Les électrodes revêtues de PEDOT:PSS montrent les régions dominées capacitives et résistives typiques séparées par une fréquence de coupure, tandis que les électrodes non revêtues n’affichent qu’un comportement capacitif. La croissance des sphéroïdes observée avec un microscope à fond clair a révélé qu’au moins deux ou trois jours sont nécessaires pour obtenir des sphéroïdes sphériques et denses en fonction de la lignée cellulaire et du nombre de cellules ensemencées.
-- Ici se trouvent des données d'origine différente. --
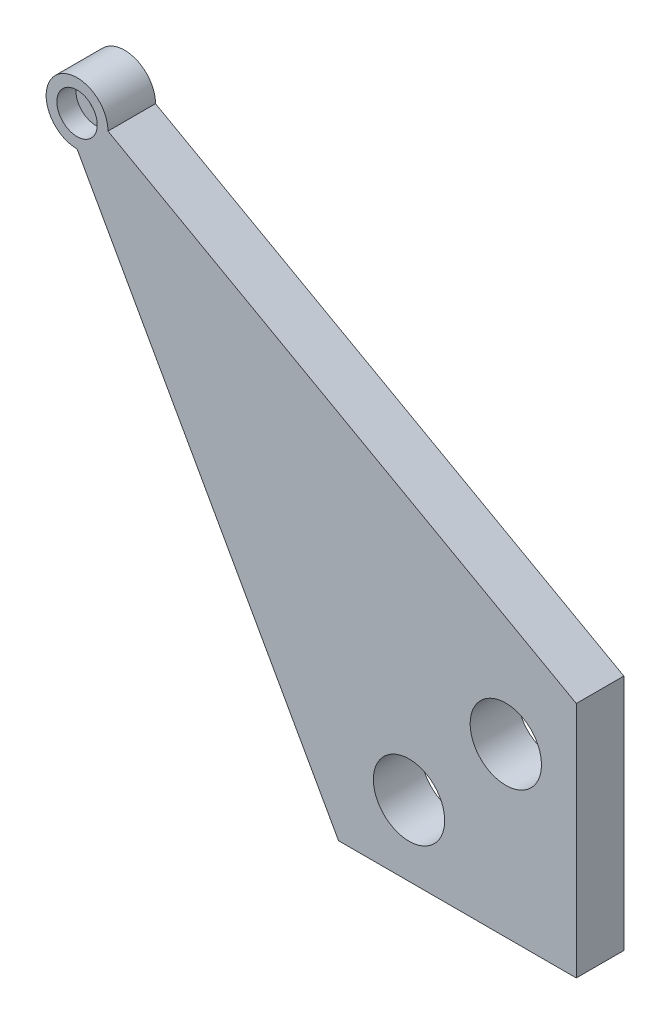
ISO-10303-21;
HEADER;
FILE_DESCRIPTION(('STEP AP214'),'2;1');
FILE_NAME('part.step','',(''),(''),'','','');
FILE_SCHEMA(('AUTOMOTIVE_DESIGN { 1 0 10303 214 1 1 1 1 }'));
ENDSEC;
DATA;
#1=APPLICATION_CONTEXT('core data for automotive mechanical design processes');
#2=APPLICATION_PROTOCOL_DEFINITION('international standard','automotive_design',2000,#1);
#3=PRODUCT_CONTEXT('',#1,'mechanical');
#4=PRODUCT('Part','Part','',(#3));
#5=PRODUCT_RELATED_PRODUCT_CATEGORY('part','',(#4));
#6=PRODUCT_DEFINITION_FORMATION('','',#4);
#7=PRODUCT_DEFINITION_CONTEXT('part definition',#1,'design');
#8=PRODUCT_DEFINITION('design','',#6,#7);
#9=PRODUCT_DEFINITION_SHAPE('','',#8);
#10=(LENGTH_UNIT() NAMED_UNIT(*) SI_UNIT(.MILLI.,.METRE.));
#11=(NAMED_UNIT(*) PLANE_ANGLE_UNIT() SI_UNIT($,.RADIAN.));
#12=(NAMED_UNIT(*) SI_UNIT($,.STERADIAN.) SOLID_ANGLE_UNIT());
#13=UNCERTAINTY_MEASURE_WITH_UNIT(LENGTH_MEASURE(1.E-05),#10,'distance_accuracy_value','');
#14=(GEOMETRIC_REPRESENTATION_CONTEXT(3) GLOBAL_UNCERTAINTY_ASSIGNED_CONTEXT((#13)) GLOBAL_UNIT_ASSIGNED_CONTEXT((#10,
#11,#12)) REPRESENTATION_CONTEXT('',''));
#15=CARTESIAN_POINT('',(0.,0.,0.));
#16=DIRECTION('',(0.,0.,1.));
#17=DIRECTION('',(1.,0.,0.));
#18=AXIS2_PLACEMENT_3D('',#15,#16,#17);
#19=CARTESIAN_POINT('',(0.,0.,5.));
#20=DIRECTION('',(-1.,0.,0.));
#21=DIRECTION('',(0.,1.,0.));
#22=AXIS2_PLACEMENT_3D('',#19,#20,#21);
#23=PLANE('',#22);
#24=DIRECTION('',(0.,-1.,0.));
#25=VECTOR('',#24,1.);
#26=CARTESIAN_POINT('',(0.,0.,-5.));
#27=LINE('',#26,#25);
#28=CARTESIAN_POINT('',(0.,50.,-5.));
#29=VERTEX_POINT('',#28);
#30=CARTESIAN_POINT('',(0.,0.,-5.));
#31=VERTEX_POINT('',#30);
#32=EDGE_CURVE('E119',#29,#31,#27,.T.);
#33=ORIENTED_EDGE('',*,*,#32,.F.);
#34=DIRECTION('',(0.,0.,-1.));
#35=VECTOR('',#34,1.);
#36=CARTESIAN_POINT('',(0.,50.,5.));
#37=LINE('',#36,#35);
#38=CARTESIAN_POINT('',(0.,50.,5.));
#39=VERTEX_POINT('',#38);
#40=EDGE_CURVE('E118',#39,#29,#37,.T.);
#41=ORIENTED_EDGE('',*,*,#40,.F.);
#42=DIRECTION('',(0.,-1.,0.));
#43=VECTOR('',#42,1.);
#44=CARTESIAN_POINT('',(0.,0.,5.));
#45=LINE('',#44,#43);
#46=CARTESIAN_POINT('',(0.,0.,5.));
#47=VERTEX_POINT('',#46);
#48=EDGE_CURVE('E112',#39,#47,#45,.T.);
#49=ORIENTED_EDGE('',*,*,#48,.T.);
#50=DIRECTION('',(0.,0.,-1.));
#51=VECTOR('',#50,1.);
#52=CARTESIAN_POINT('',(0.,0.,5.));
#53=LINE('',#52,#51);
#54=EDGE_CURVE('E11',#47,#31,#53,.T.);
#55=ORIENTED_EDGE('',*,*,#54,.T.);
#56=EDGE_LOOP('',(#33,#41,#49,#55));
#57=FACE_BOUND('',#56,.T.);
#58=ADVANCED_FACE('F38',(#57),#23,.F.);
#59=CARTESIAN_POINT('',(0.,0.,5.));
#60=DIRECTION('',(0.,1.,0.));
#61=DIRECTION('',(0.,0.,1.));
#62=AXIS2_PLACEMENT_3D('',#59,#60,#61);
#63=PLANE('',#62);
#64=DIRECTION('',(-1.,0.,0.));
#65=VECTOR('',#64,1.);
#66=CARTESIAN_POINT('',(0.,0.,-5.));
#67=LINE('',#66,#65);
#68=CARTESIAN_POINT('',(-50.,0.,-5.));
#69=VERTEX_POINT('',#68);
#70=EDGE_CURVE('E122',#31,#69,#67,.T.);
#71=ORIENTED_EDGE('',*,*,#70,.F.);
#72=ORIENTED_EDGE('',*,*,#54,.F.);
#73=DIRECTION('',(-1.,0.,0.));
#74=VECTOR('',#73,1.);
#75=CARTESIAN_POINT('',(0.,0.,5.));
#76=LINE('',#75,#74);
#77=CARTESIAN_POINT('',(-50.,0.,5.));
#78=VERTEX_POINT('',#77);
#79=EDGE_CURVE('E84',#47,#78,#76,.T.);
#80=ORIENTED_EDGE('',*,*,#79,.T.);
#81=DIRECTION('',(0.,0.,-1.));
#82=VECTOR('',#81,1.);
#83=CARTESIAN_POINT('',(-50.,0.,5.));
#84=LINE('',#83,#82);
#85=EDGE_CURVE('E47',#78,#69,#84,.T.);
#86=ORIENTED_EDGE('',*,*,#85,.T.);
#87=EDGE_LOOP('',(#71,#72,#80,#86));
#88=FACE_BOUND('',#87,.T.);
#89=ADVANCED_FACE('F139',(#88),#63,.F.);
#90=CARTESIAN_POINT('',(-50.,0.,5.));
#91=DIRECTION('',(0.873109961084313,0.487523328524236,0.));
#92=DIRECTION('',(0.487523328524236,-0.873109961084313,0.));
#93=AXIS2_PLACEMENT_3D('',#90,#91,#92);
#94=PLANE('',#93);
#95=DIRECTION('',(-0.487523328524236,0.873109961084313,0.));
#96=VECTOR('',#95,1.);
#97=CARTESIAN_POINT('',(-50.,0.,-5.));
#98=LINE('',#97,#96);
#99=CARTESIAN_POINT('',(-105.,98.4999999999999,-5.));
#100=VERTEX_POINT('',#99);
#101=EDGE_CURVE('E127',#69,#100,#98,.T.);
#102=ORIENTED_EDGE('',*,*,#101,.F.);
#103=ORIENTED_EDGE('',*,*,#85,.F.);
#104=DIRECTION('',(-0.487523328524236,0.873109961084313,0.));
#105=VECTOR('',#104,1.);
#106=CARTESIAN_POINT('',(-50.,0.,5.));
#107=LINE('',#106,#105);
#108=CARTESIAN_POINT('',(-105.,98.4999999999999,5.));
#109=VERTEX_POINT('',#108);
#110=EDGE_CURVE('E93',#78,#109,#107,.T.);
#111=ORIENTED_EDGE('',*,*,#110,.T.);
#112=DIRECTION('',(0.,0.,-1.));
#113=VECTOR('',#112,1.);
#114=CARTESIAN_POINT('',(-105.,98.4999999999999,5.));
#115=LINE('',#114,#113);
#116=EDGE_CURVE('E99',#109,#100,#115,.T.);
#117=ORIENTED_EDGE('',*,*,#116,.T.);
#118=EDGE_LOOP('',(#102,#103,#111,#117));
#119=FACE_BOUND('',#118,.T.);
#120=ADVANCED_FACE('F107',(#119),#94,.F.);
#121=CARTESIAN_POINT('',(-105.,105.,5.));
#122=DIRECTION('',(0.,0.,-1.));
#123=DIRECTION('',(1.,0.,0.));
#124=AXIS2_PLACEMENT_3D('',#121,#122,#123);
#125=CYLINDRICAL_SURFACE('',#124,6.50000000000001);
#126=CARTESIAN_POINT('',(-105.,105.,-5.));
#127=DIRECTION('',(0.,0.,-1.));
#128=DIRECTION('',(-1.,0.,0.));
#129=AXIS2_PLACEMENT_3D('',#126,#127,#128);
#130=CIRCLE('',#129,6.50000000000001);
#131=CARTESIAN_POINT('',(-98.5,105.,-5.));
#132=VERTEX_POINT('',#131);
#133=EDGE_CURVE('E101',#100,#132,#130,.T.);
#134=ORIENTED_EDGE('',*,*,#133,.F.);
#135=ORIENTED_EDGE('',*,*,#116,.F.);
#136=CARTESIAN_POINT('',(-105.,105.,5.));
#137=DIRECTION('',(0.,0.,-1.));
#138=DIRECTION('',(-1.,0.,0.));
#139=AXIS2_PLACEMENT_3D('',#136,#137,#138);
#140=CIRCLE('',#139,6.50000000000001);
#141=CARTESIAN_POINT('',(-98.5,105.,5.));
#142=VERTEX_POINT('',#141);
#143=EDGE_CURVE('E89',#109,#142,#140,.T.);
#144=ORIENTED_EDGE('',*,*,#143,.T.);
#145=DIRECTION('',(0.,0.,-1.));
#146=VECTOR('',#145,1.);
#147=CARTESIAN_POINT('',(-98.5,105.,5.));
#148=LINE('',#147,#146);
#149=EDGE_CURVE('E105',#142,#132,#148,.T.);
#150=ORIENTED_EDGE('',*,*,#149,.T.);
#151=EDGE_LOOP('',(#134,#135,#144,#150));
#152=FACE_BOUND('',#151,.T.);
#153=ADVANCED_FACE('F100',(#152),#125,.T.);
#154=CARTESIAN_POINT('',(0.,50.,5.));
#155=DIRECTION('',(-0.487523328524235,-0.873109961084313,0.));
#156=DIRECTION('',(-0.873109961084313,0.487523328524235,0.));
#157=AXIS2_PLACEMENT_3D('',#154,#155,#156);
#158=PLANE('',#157);
#159=DIRECTION('',(0.873109961084313,-0.487523328524235,0.));
#160=VECTOR('',#159,1.);
#161=CARTESIAN_POINT('',(0.,50.,-5.));
#162=LINE('',#161,#160);
#163=EDGE_CURVE('E72',#132,#29,#162,.T.);
#164=ORIENTED_EDGE('',*,*,#163,.F.);
#165=ORIENTED_EDGE('',*,*,#149,.F.);
#166=DIRECTION('',(0.873109961084313,-0.487523328524235,0.));
#167=VECTOR('',#166,1.);
#168=CARTESIAN_POINT('',(0.,50.,5.));
#169=LINE('',#168,#167);
#170=EDGE_CURVE('E55',#142,#39,#169,.T.);
#171=ORIENTED_EDGE('',*,*,#170,.T.);
#172=ORIENTED_EDGE('',*,*,#40,.T.);
#173=EDGE_LOOP('',(#164,#165,#171,#172));
#174=FACE_BOUND('',#173,.T.);
#175=ADVANCED_FACE('F209',(#174),#158,.F.);
#176=CARTESIAN_POINT('',(-105.,105.,5.));
#177=DIRECTION('',(0.,0.,1.));
#178=DIRECTION('',(-1.,0.,0.));
#179=AXIS2_PLACEMENT_3D('',#176,#177,#178);
#180=PLANE('',#179);
#181=CARTESIAN_POINT('',(-14.8255588340632,35.1744411659368,5.));
#182=DIRECTION('',(0.,0.,-1.));
#183=DIRECTION('',(-1.,0.,0.));
#184=AXIS2_PLACEMENT_3D('',#181,#182,#183);
#185=CIRCLE('',#184,7.5);
#186=CARTESIAN_POINT('',(-22.3255588340632,35.1744411659368,5.));
#187=VERTEX_POINT('',#186);
#188=EDGE_CURVE('E171',#187,#187,#185,.T.);
#189=ORIENTED_EDGE('',*,*,#188,.T.);
#190=EDGE_LOOP('',(#189));
#191=FACE_BOUND('',#190,.T.);
#192=CARTESIAN_POINT('',(-35.1744411659368,14.8255588340632,5.));
#193=DIRECTION('',(0.,0.,-1.));
#194=DIRECTION('',(-1.,0.,0.));
#195=AXIS2_PLACEMENT_3D('',#192,#193,#194);
#196=CIRCLE('',#195,7.5);
#197=CARTESIAN_POINT('',(-42.6744411659368,14.8255588340632,5.));
#198=VERTEX_POINT('',#197);
#199=EDGE_CURVE('E163',#198,#198,#196,.T.);
#200=ORIENTED_EDGE('',*,*,#199,.T.);
#201=EDGE_LOOP('',(#200));
#202=FACE_BOUND('',#201,.T.);
#203=CARTESIAN_POINT('',(-105.,105.,5.));
#204=DIRECTION('',(0.,0.,-1.));
#205=DIRECTION('',(-1.,0.,0.));
#206=AXIS2_PLACEMENT_3D('',#203,#204,#205);
#207=CIRCLE('',#206,4.25000000000001);
#208=CARTESIAN_POINT('',(-109.25,105.,5.));
#209=VERTEX_POINT('',#208);
#210=EDGE_CURVE('E147',#209,#209,#207,.T.);
#211=ORIENTED_EDGE('',*,*,#210,.T.);
#212=EDGE_LOOP('',(#211));
#213=FACE_BOUND('',#212,.T.);
#214=ORIENTED_EDGE('',*,*,#48,.F.);
#215=ORIENTED_EDGE('',*,*,#170,.F.);
#216=ORIENTED_EDGE('',*,*,#143,.F.);
#217=ORIENTED_EDGE('',*,*,#110,.F.);
#218=ORIENTED_EDGE('',*,*,#79,.F.);
#219=EDGE_LOOP('',(#214,#215,#216,#217,#218));
#220=FACE_BOUND('',#219,.T.);
#221=ADVANCED_FACE('F91',(#191,#202,#213,#220),#180,.T.);
#222=CARTESIAN_POINT('',(-105.,105.,-5.));
#223=DIRECTION('',(0.,0.,1.));
#224=DIRECTION('',(-1.,0.,0.));
#225=AXIS2_PLACEMENT_3D('',#222,#223,#224);
#226=PLANE('',#225);
#227=CARTESIAN_POINT('',(-14.8255588340632,35.1744411659368,-5.));
#228=DIRECTION('',(0.,0.,-1.));
#229=DIRECTION('',(-1.,0.,0.));
#230=AXIS2_PLACEMENT_3D('',#227,#228,#229);
#231=CIRCLE('',#230,7.5);
#232=CARTESIAN_POINT('',(-22.3255588340632,35.1744411659368,-5.));
#233=VERTEX_POINT('',#232);
#234=EDGE_CURVE('E159',#233,#233,#231,.T.);
#235=ORIENTED_EDGE('',*,*,#234,.F.);
#236=EDGE_LOOP('',(#235));
#237=FACE_BOUND('',#236,.T.);
#238=CARTESIAN_POINT('',(-35.1744411659368,14.8255588340632,-5.));
#239=DIRECTION('',(0.,0.,-1.));
#240=DIRECTION('',(-1.,0.,0.));
#241=AXIS2_PLACEMENT_3D('',#238,#239,#240);
#242=CIRCLE('',#241,7.5);
#243=CARTESIAN_POINT('',(-42.6744411659368,14.8255588340632,-5.));
#244=VERTEX_POINT('',#243);
#245=EDGE_CURVE('E167',#244,#244,#242,.T.);
#246=ORIENTED_EDGE('',*,*,#245,.F.);
#247=EDGE_LOOP('',(#246));
#248=FACE_BOUND('',#247,.T.);
#249=CARTESIAN_POINT('',(-105.,105.,-5.));
#250=DIRECTION('',(0.,0.,-1.));
#251=DIRECTION('',(-1.,0.,0.));
#252=AXIS2_PLACEMENT_3D('',#249,#250,#251);
#253=CIRCLE('',#252,1.5);
#254=CARTESIAN_POINT('',(-106.5,105.,-5.));
#255=VERTEX_POINT('',#254);
#256=EDGE_CURVE('E151',#255,#255,#253,.T.);
#257=ORIENTED_EDGE('',*,*,#256,.F.);
#258=EDGE_LOOP('',(#257));
#259=FACE_BOUND('',#258,.T.);
#260=ORIENTED_EDGE('',*,*,#32,.T.);
#261=ORIENTED_EDGE('',*,*,#70,.T.);
#262=ORIENTED_EDGE('',*,*,#101,.T.);
#263=ORIENTED_EDGE('',*,*,#133,.T.);
#264=ORIENTED_EDGE('',*,*,#163,.T.);
#265=EDGE_LOOP('',(#260,#261,#262,#263,#264));
#266=FACE_BOUND('',#265,.T.);
#267=ADVANCED_FACE('F140',(#237,#248,#259,#266),#226,.F.);
#268=CARTESIAN_POINT('',(-105.,105.,1.));
#269=DIRECTION('',(0.,0.,1.));
#270=DIRECTION('',(-1.,0.,0.));
#271=AXIS2_PLACEMENT_3D('',#268,#269,#270);
#272=CYLINDRICAL_SURFACE('',#271,4.25000000000001);
#273=CARTESIAN_POINT('',(-105.,105.,1.));
#274=DIRECTION('',(0.,0.,-1.));
#275=DIRECTION('',(-1.,0.,0.));
#276=AXIS2_PLACEMENT_3D('',#273,#274,#275);
#277=CIRCLE('',#276,4.25000000000001);
#278=CARTESIAN_POINT('',(-109.25,105.,1.));
#279=VERTEX_POINT('',#278);
#280=EDGE_CURVE('E123',#279,#279,#277,.T.);
#281=ORIENTED_EDGE('',*,*,#280,.T.);
#282=EDGE_LOOP('',(#281));
#283=FACE_BOUND('',#282,.T.);
#284=ORIENTED_EDGE('',*,*,#210,.F.);
#285=EDGE_LOOP('',(#284));
#286=FACE_BOUND('',#285,.T.);
#287=ADVANCED_FACE('F184',(#283,#286),#272,.F.);
#288=CARTESIAN_POINT('',(-105.,105.,1.));
#289=DIRECTION('',(0.,0.,1.));
#290=DIRECTION('',(-1.,0.,0.));
#291=AXIS2_PLACEMENT_3D('',#288,#289,#290);
#292=PLANE('',#291);
#293=CARTESIAN_POINT('',(-105.,105.,1.));
#294=DIRECTION('',(0.,0.,-1.));
#295=DIRECTION('',(-1.,0.,0.));
#296=AXIS2_PLACEMENT_3D('',#293,#294,#295);
#297=CIRCLE('',#296,1.5);
#298=CARTESIAN_POINT('',(-106.5,105.,1.));
#299=VERTEX_POINT('',#298);
#300=EDGE_CURVE('E155',#299,#299,#297,.T.);
#301=ORIENTED_EDGE('',*,*,#300,.T.);
#302=EDGE_LOOP('',(#301));
#303=FACE_BOUND('',#302,.T.);
#304=ORIENTED_EDGE('',*,*,#280,.F.);
#305=EDGE_LOOP('',(#304));
#306=FACE_BOUND('',#305,.T.);
#307=ADVANCED_FACE('F194',(#303,#306),#292,.T.);
#308=CARTESIAN_POINT('',(-105.,105.,-5.));
#309=DIRECTION('',(0.,0.,1.));
#310=DIRECTION('',(-1.,0.,0.));
#311=AXIS2_PLACEMENT_3D('',#308,#309,#310);
#312=CYLINDRICAL_SURFACE('',#311,1.5);
#313=ORIENTED_EDGE('',*,*,#256,.T.);
#314=EDGE_LOOP('',(#313));
#315=FACE_BOUND('',#314,.T.);
#316=ORIENTED_EDGE('',*,*,#300,.F.);
#317=EDGE_LOOP('',(#316));
#318=FACE_BOUND('',#317,.T.);
#319=ADVANCED_FACE('F190',(#315,#318),#312,.F.);
#320=CARTESIAN_POINT('',(-35.1744411659368,14.8255588340632,-5.));
#321=DIRECTION('',(0.,0.,1.));
#322=DIRECTION('',(-1.,0.,0.));
#323=AXIS2_PLACEMENT_3D('',#320,#321,#322);
#324=CYLINDRICAL_SURFACE('',#323,7.5);
#325=ORIENTED_EDGE('',*,*,#245,.T.);
#326=EDGE_LOOP('',(#325));
#327=FACE_BOUND('',#326,.T.);
#328=ORIENTED_EDGE('',*,*,#199,.F.);
#329=EDGE_LOOP('',(#328));
#330=FACE_BOUND('',#329,.T.);
#331=ADVANCED_FACE('F193',(#327,#330),#324,.F.);
#332=CARTESIAN_POINT('',(-14.8255588340632,35.1744411659368,-5.));
#333=DIRECTION('',(0.,0.,1.));
#334=DIRECTION('',(-1.,0.,0.));
#335=AXIS2_PLACEMENT_3D('',#332,#333,#334);
#336=CYLINDRICAL_SURFACE('',#335,7.5);
#337=ORIENTED_EDGE('',*,*,#234,.T.);
#338=EDGE_LOOP('',(#337));
#339=FACE_BOUND('',#338,.T.);
#340=ORIENTED_EDGE('',*,*,#188,.F.);
#341=EDGE_LOOP('',(#340));
#342=FACE_BOUND('',#341,.T.);
#343=ADVANCED_FACE('F179',(#339,#342),#336,.F.);
#344=CLOSED_SHELL('',(#58,#89,#120,#153,#175,#221,#267,#287,#307,#319,#331,#343));
#345=MANIFOLD_SOLID_BREP('B2',#344);
#346=ADVANCED_BREP_SHAPE_REPRESENTATION('',(#18,#345),#14);
#347=SHAPE_DEFINITION_REPRESENTATION(#9,#346);
ENDSEC;
END-ISO-10303-21;

Dans le modèle in ovo, la greffe de sphéroïdes dans la membrane chorio-allantoïdienne peut être évaluée par microscopie à fluorescence car les cellules vivantes ont du calcium intracellulaire et la vascularisation de la tumeur peut être évaluée en injectant un colorant fluorescent dans les vaisseaux sanguins.

Par rapport à l’impédance en solution saline, une augmentation de l’impédance est attendue in vivo à des fréquences supérieures à 100 hertz en raison de la présence d’un environnement biologique. Le parenchyme neural vascularisé et l’infiltration tumorale peuvent être observés et caractérisés à travers le substrat transparent pendant des semaines par deux microscopies à photons. L’utilisation d’animaux transgéniques exprimant des protéines fluorescentes dans des cellules d’intérêt peut démontrer le processus inflammatoire minimal induit par l’implantation d’électrodes seules.

Il peut montrer la présence de microglies et de monocytes 26 jours après l’implantation de champs électriques pulsés stimulés par électrode. Des cellules microgliales dérivées de monocytes périphériques et résonantes cérébrales ont été trouvées autour et à l’intérieur de la tumeur. Le point critique pour le succès de la procédure implantaire est d’assurer l’étanchéité et la planéité de la fenêtre crânienne et d’optimiser la qualité du contact avec la sonde.

En plus de l’imagerie intravitale, quoi que ce soit envisager de combiner notre protocole avec d’autres mesures et techniques comme les prélèvements et les mesures des analyses sanguines pour les cytokines, le statut immunitaire par cytométrie de flux, ou encore l’analyse comportementale. Ces travaux ouvrent la voie à l’utilisation de dispositifs implantables flexibles pour le cancer et ouvrent de nouvelles perspectives pour l’utilisation de la médecine bioélectronique pour cette maladie chronique.